═════ Data

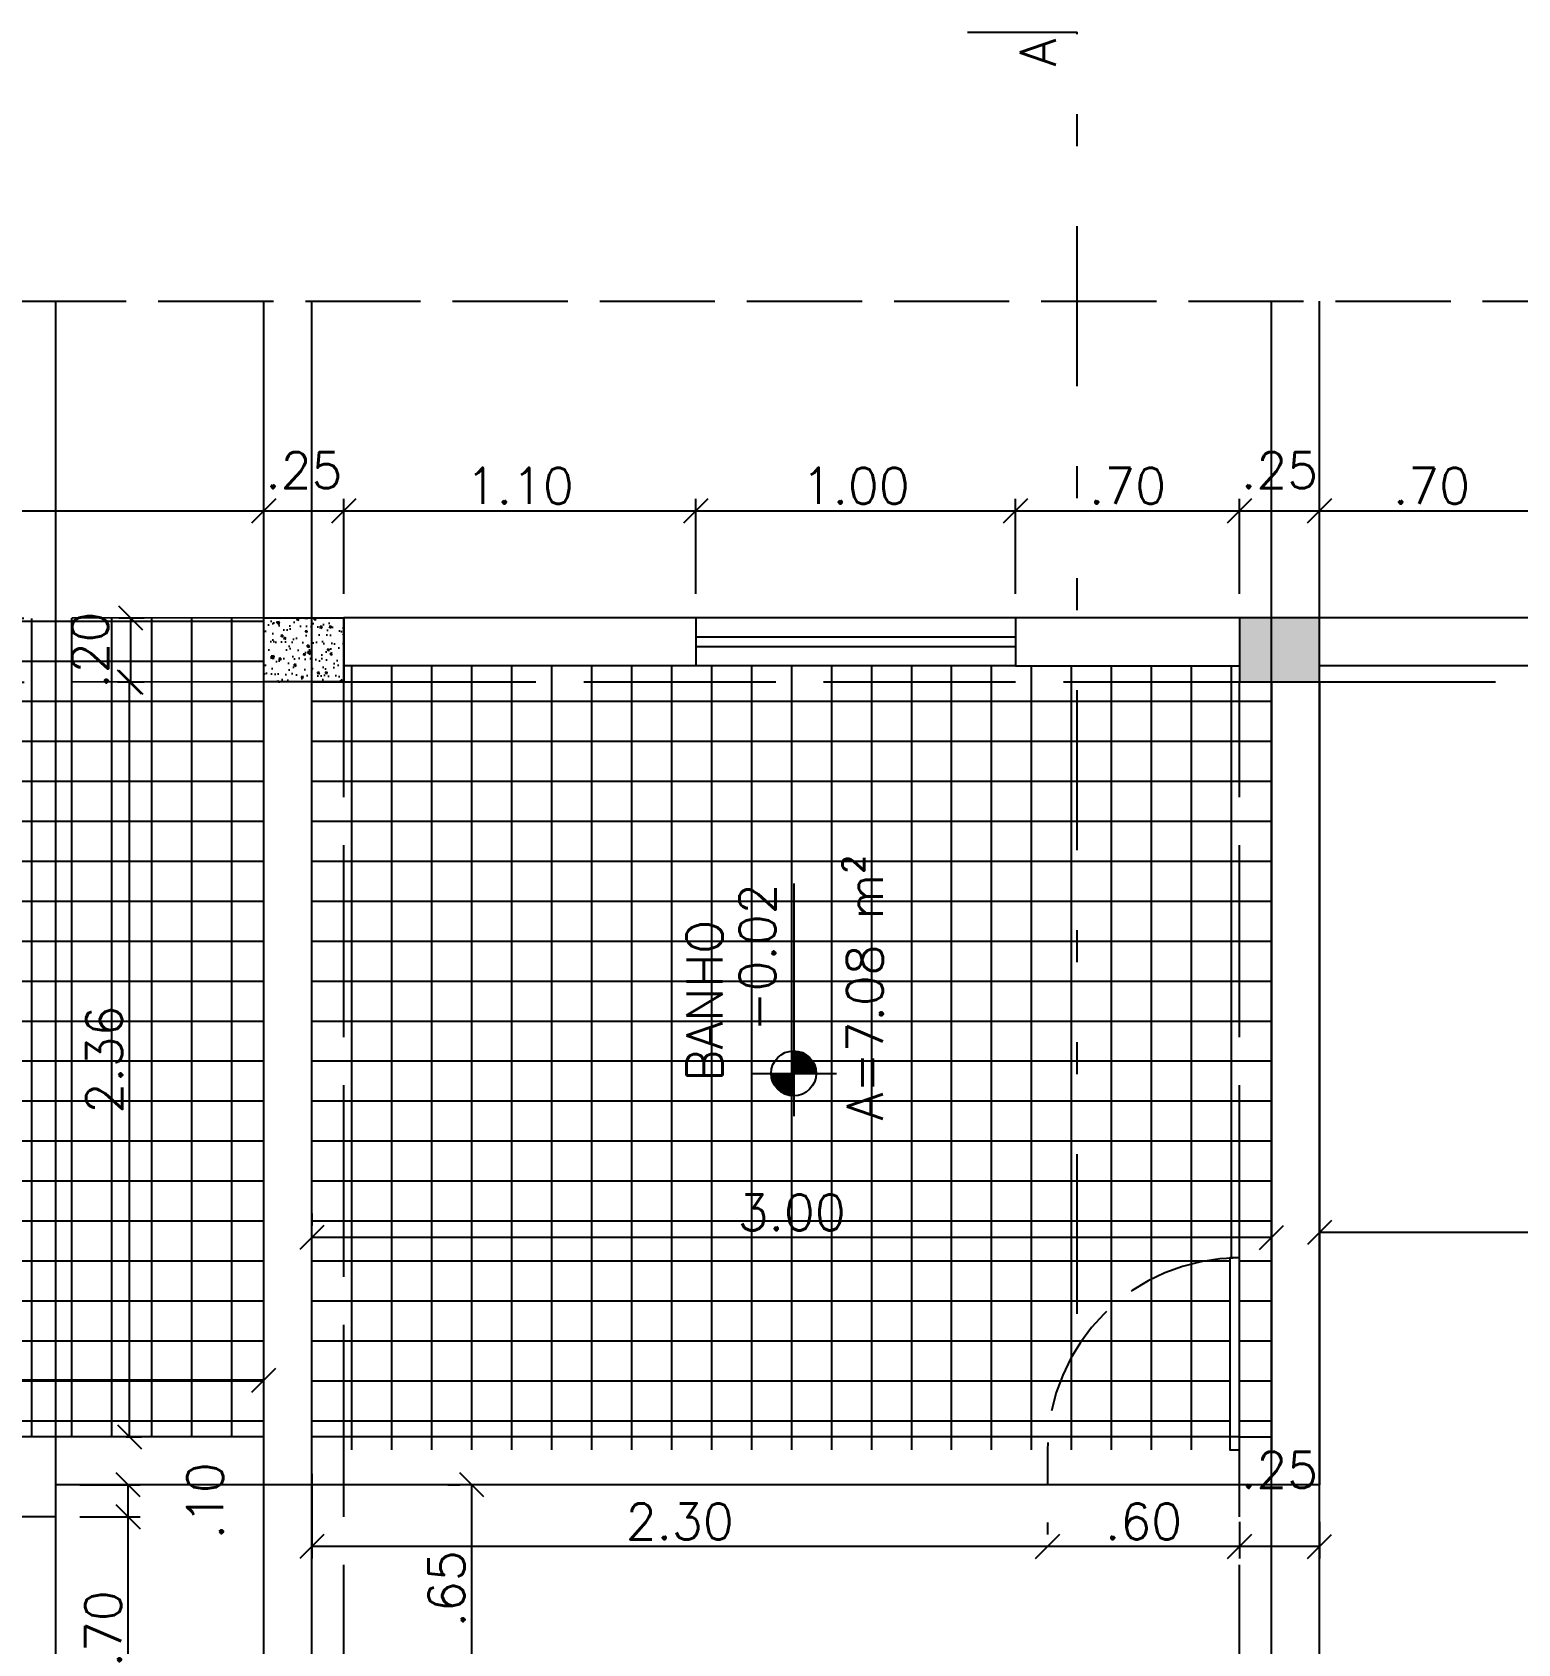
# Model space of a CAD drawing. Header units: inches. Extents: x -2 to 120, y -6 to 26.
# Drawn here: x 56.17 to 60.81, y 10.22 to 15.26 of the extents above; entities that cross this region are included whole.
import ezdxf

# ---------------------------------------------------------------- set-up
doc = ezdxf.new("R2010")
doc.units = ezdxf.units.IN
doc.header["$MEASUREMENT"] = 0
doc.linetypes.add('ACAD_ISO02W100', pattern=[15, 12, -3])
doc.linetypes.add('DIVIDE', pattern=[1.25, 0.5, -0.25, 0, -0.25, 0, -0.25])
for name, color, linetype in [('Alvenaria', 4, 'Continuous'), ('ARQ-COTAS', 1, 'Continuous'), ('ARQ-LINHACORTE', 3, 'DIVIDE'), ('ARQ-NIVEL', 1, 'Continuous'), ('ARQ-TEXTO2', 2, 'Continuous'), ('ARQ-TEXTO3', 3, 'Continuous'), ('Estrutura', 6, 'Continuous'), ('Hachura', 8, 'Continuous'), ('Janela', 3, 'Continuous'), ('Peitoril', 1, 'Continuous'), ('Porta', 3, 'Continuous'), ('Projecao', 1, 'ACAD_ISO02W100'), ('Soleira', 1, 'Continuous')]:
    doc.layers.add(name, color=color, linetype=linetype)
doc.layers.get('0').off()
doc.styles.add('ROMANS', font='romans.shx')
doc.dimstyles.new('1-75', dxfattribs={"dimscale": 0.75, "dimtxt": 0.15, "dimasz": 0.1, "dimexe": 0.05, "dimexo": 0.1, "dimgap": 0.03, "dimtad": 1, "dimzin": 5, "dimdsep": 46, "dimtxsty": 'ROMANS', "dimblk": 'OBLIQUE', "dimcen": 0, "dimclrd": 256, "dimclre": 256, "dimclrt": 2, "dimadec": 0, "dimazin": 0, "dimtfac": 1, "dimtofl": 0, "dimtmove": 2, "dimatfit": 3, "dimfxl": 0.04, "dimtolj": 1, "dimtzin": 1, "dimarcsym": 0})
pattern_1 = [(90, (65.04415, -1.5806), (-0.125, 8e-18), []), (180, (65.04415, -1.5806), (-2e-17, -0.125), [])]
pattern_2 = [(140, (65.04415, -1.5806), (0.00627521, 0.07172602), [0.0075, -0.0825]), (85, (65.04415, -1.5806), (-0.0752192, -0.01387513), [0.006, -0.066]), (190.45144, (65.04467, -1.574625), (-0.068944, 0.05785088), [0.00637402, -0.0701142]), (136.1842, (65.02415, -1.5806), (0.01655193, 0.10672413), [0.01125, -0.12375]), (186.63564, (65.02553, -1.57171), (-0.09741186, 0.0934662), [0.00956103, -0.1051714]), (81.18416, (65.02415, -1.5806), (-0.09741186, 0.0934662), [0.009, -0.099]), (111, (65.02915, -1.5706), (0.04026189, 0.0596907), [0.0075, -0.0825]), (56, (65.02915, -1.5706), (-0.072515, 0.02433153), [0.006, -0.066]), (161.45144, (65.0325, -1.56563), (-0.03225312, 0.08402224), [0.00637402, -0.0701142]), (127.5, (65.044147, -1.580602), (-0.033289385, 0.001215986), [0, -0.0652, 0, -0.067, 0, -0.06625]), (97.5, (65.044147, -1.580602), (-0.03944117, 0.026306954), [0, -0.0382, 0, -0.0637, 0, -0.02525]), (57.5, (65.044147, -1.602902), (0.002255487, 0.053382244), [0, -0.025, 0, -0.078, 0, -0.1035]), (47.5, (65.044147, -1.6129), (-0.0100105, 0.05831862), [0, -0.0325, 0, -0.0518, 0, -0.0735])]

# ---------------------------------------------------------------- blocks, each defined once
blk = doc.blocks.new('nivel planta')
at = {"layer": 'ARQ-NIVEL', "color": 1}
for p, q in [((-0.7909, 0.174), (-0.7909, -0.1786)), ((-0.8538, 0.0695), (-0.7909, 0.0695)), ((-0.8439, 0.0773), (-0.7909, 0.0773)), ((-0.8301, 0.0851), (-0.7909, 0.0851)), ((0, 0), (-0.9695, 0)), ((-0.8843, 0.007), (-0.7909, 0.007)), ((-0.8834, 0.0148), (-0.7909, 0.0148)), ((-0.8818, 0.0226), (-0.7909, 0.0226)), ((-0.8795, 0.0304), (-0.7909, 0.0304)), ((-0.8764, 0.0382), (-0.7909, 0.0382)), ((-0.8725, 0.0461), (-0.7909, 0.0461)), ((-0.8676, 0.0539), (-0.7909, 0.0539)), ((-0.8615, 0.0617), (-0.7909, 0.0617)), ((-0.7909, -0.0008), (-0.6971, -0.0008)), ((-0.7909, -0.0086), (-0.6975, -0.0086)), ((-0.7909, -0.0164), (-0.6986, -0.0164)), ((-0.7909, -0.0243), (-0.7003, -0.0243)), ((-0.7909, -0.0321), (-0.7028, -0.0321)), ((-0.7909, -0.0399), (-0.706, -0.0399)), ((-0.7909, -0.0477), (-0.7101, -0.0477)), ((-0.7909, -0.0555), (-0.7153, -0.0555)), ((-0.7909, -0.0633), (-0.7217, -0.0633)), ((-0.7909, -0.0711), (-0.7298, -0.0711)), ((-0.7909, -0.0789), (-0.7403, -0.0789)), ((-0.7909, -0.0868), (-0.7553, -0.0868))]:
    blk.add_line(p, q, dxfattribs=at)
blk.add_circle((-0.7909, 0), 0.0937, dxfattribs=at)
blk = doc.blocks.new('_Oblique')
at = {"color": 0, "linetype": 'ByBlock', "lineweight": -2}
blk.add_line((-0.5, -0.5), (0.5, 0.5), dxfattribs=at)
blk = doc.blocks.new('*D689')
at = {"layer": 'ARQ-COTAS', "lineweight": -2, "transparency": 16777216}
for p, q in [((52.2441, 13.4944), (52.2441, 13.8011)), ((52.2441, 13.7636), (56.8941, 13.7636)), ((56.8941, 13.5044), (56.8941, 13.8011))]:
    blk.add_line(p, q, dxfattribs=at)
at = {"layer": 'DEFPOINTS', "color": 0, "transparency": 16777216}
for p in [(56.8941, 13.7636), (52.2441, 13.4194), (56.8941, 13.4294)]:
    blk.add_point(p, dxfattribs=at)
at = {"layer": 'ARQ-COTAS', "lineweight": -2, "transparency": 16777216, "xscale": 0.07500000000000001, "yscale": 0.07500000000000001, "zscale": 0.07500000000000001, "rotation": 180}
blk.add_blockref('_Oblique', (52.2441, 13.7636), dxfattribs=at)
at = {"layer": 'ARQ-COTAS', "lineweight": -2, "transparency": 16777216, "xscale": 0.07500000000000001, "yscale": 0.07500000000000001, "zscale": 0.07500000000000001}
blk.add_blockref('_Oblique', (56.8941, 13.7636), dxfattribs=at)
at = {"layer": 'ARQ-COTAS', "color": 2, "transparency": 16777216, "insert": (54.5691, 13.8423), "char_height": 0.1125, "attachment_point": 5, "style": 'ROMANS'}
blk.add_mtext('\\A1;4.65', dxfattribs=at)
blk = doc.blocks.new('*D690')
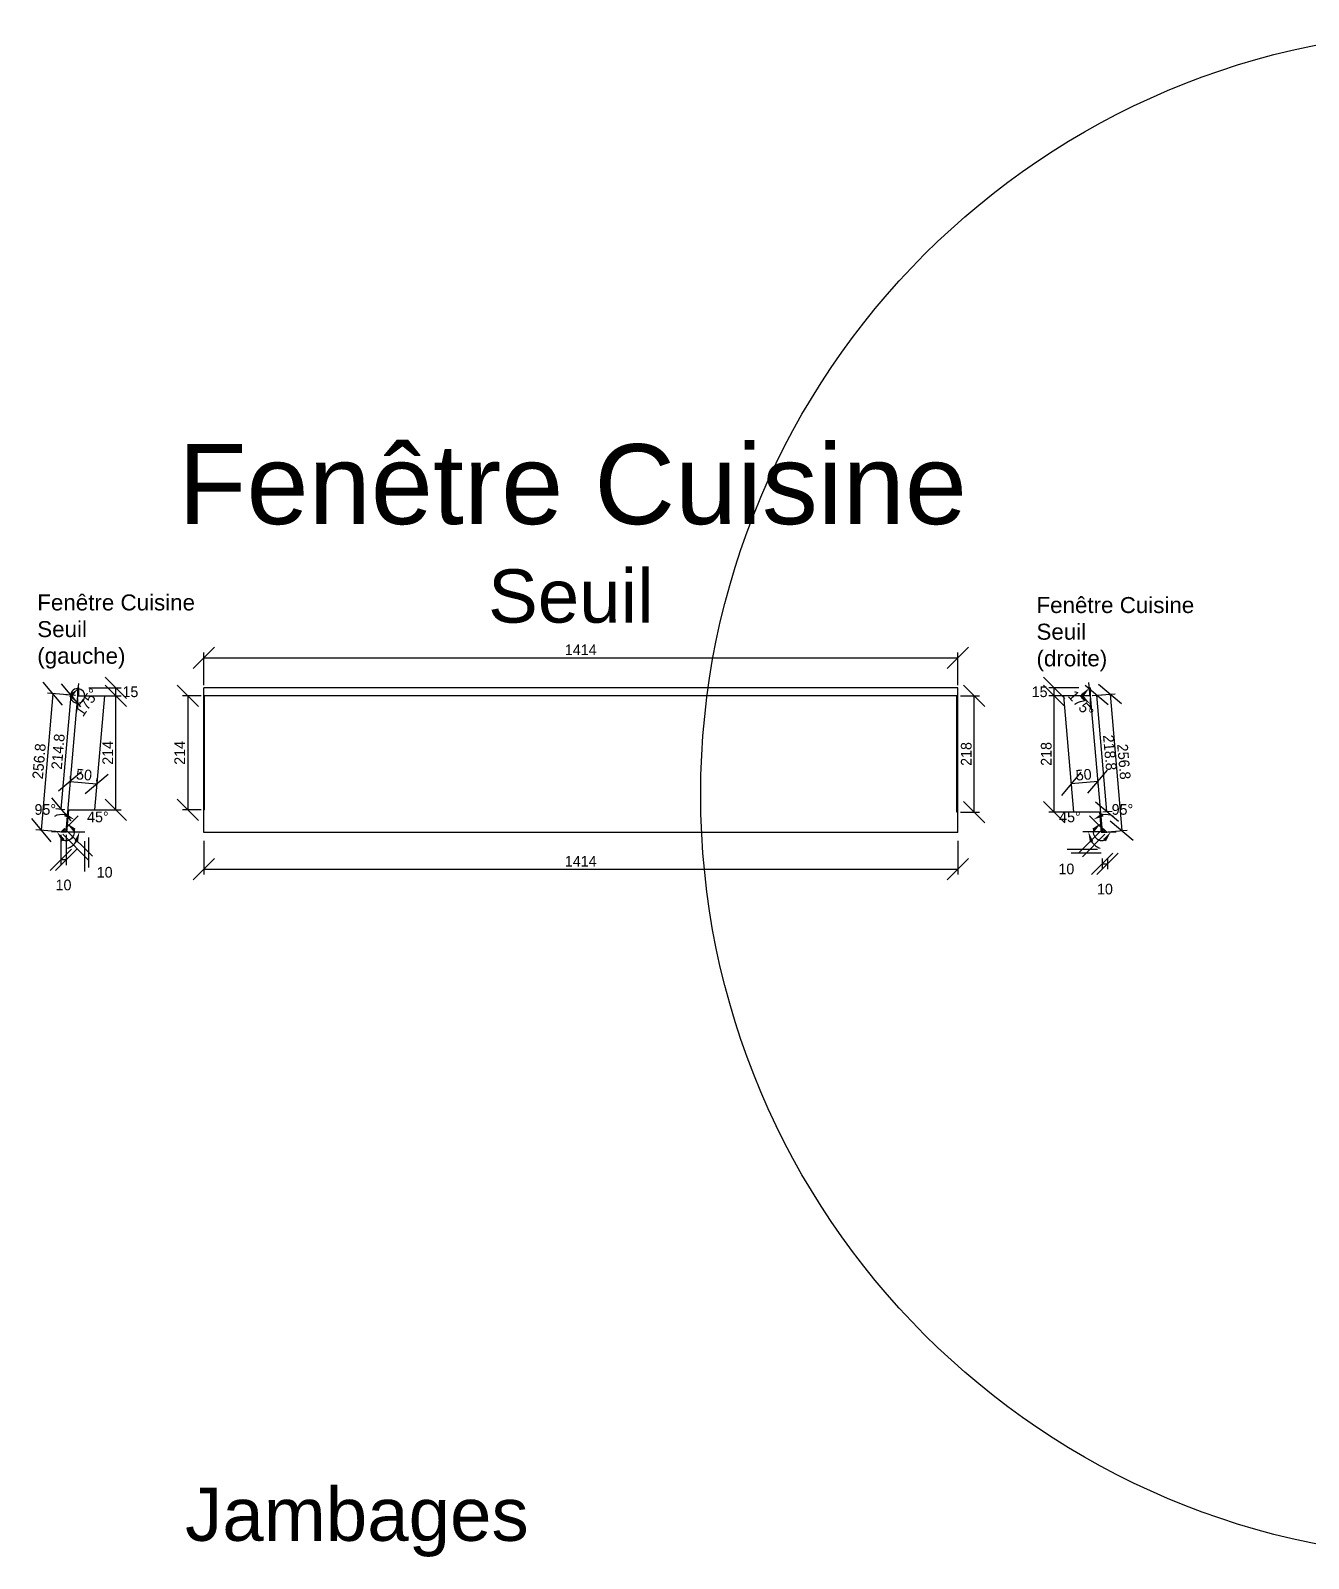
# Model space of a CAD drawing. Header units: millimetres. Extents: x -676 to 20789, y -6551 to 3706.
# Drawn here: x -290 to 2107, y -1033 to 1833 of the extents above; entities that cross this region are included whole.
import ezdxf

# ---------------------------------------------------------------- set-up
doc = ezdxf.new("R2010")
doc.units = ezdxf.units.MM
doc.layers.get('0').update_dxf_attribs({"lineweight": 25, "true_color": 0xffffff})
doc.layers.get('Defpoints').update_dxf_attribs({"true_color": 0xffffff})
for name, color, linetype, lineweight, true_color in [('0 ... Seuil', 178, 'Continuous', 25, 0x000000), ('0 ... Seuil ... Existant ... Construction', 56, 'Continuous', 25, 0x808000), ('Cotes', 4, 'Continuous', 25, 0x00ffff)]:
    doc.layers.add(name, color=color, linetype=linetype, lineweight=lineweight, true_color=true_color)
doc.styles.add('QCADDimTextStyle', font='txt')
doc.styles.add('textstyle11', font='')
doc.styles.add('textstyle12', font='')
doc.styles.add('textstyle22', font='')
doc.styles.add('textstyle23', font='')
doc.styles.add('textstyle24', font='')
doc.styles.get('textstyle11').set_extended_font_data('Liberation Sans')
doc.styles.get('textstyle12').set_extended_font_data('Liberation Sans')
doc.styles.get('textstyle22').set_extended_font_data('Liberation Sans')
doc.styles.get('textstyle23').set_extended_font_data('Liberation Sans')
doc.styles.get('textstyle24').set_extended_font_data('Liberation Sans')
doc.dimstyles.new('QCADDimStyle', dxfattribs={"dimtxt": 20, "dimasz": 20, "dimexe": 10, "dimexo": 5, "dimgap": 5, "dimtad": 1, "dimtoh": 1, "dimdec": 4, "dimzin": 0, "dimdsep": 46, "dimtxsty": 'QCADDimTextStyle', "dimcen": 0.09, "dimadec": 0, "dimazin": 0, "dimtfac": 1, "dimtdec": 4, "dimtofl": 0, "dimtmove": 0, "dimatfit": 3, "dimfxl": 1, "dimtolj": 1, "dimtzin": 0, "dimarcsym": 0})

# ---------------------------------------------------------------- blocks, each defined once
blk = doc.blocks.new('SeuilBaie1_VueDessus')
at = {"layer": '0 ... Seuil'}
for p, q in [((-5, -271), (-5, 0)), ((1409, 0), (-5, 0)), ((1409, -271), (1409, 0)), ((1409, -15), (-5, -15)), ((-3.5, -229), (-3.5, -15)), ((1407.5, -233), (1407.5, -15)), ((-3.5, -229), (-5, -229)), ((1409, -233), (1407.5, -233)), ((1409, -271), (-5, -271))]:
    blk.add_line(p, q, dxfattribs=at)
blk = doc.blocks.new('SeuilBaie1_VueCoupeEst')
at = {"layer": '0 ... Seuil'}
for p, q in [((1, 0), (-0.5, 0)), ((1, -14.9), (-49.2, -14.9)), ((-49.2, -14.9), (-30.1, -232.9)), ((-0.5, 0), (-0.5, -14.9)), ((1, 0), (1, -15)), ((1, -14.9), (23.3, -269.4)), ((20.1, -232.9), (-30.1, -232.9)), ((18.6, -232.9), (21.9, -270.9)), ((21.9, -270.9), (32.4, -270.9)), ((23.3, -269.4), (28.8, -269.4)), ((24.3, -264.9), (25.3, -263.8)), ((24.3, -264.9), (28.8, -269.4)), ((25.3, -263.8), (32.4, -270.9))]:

══════════

_About this exercise_: Precisely those lines above that run from the line with "blk.add_blockref('_Oblique', (56.8941, 13.7636), dxfattribs=at)" up to and including the line with "# Model space of a CAD drawing. Header units: millimetres." are to be set down, with the pictures omitted.

_Task answer_:
blk.add_blockref('_Oblique', (56.8941, 13.7636), dxfattribs=at)
at = {"layer": 'ARQ-COTAS', "color": 2, "transparency": 16777216, "insert": (54.5691, 13.8423), "char_height": 0.1125, "attachment_point": 5, "style": 'ROMANS'}
blk.add_mtext('\\A1;4.65', dxfattribs=at)
blk = doc.blocks.new('*D690')
# Model space of a CAD drawing. Header units: millimetres. Extents: x -676 to 20789, y -6551 to 3706.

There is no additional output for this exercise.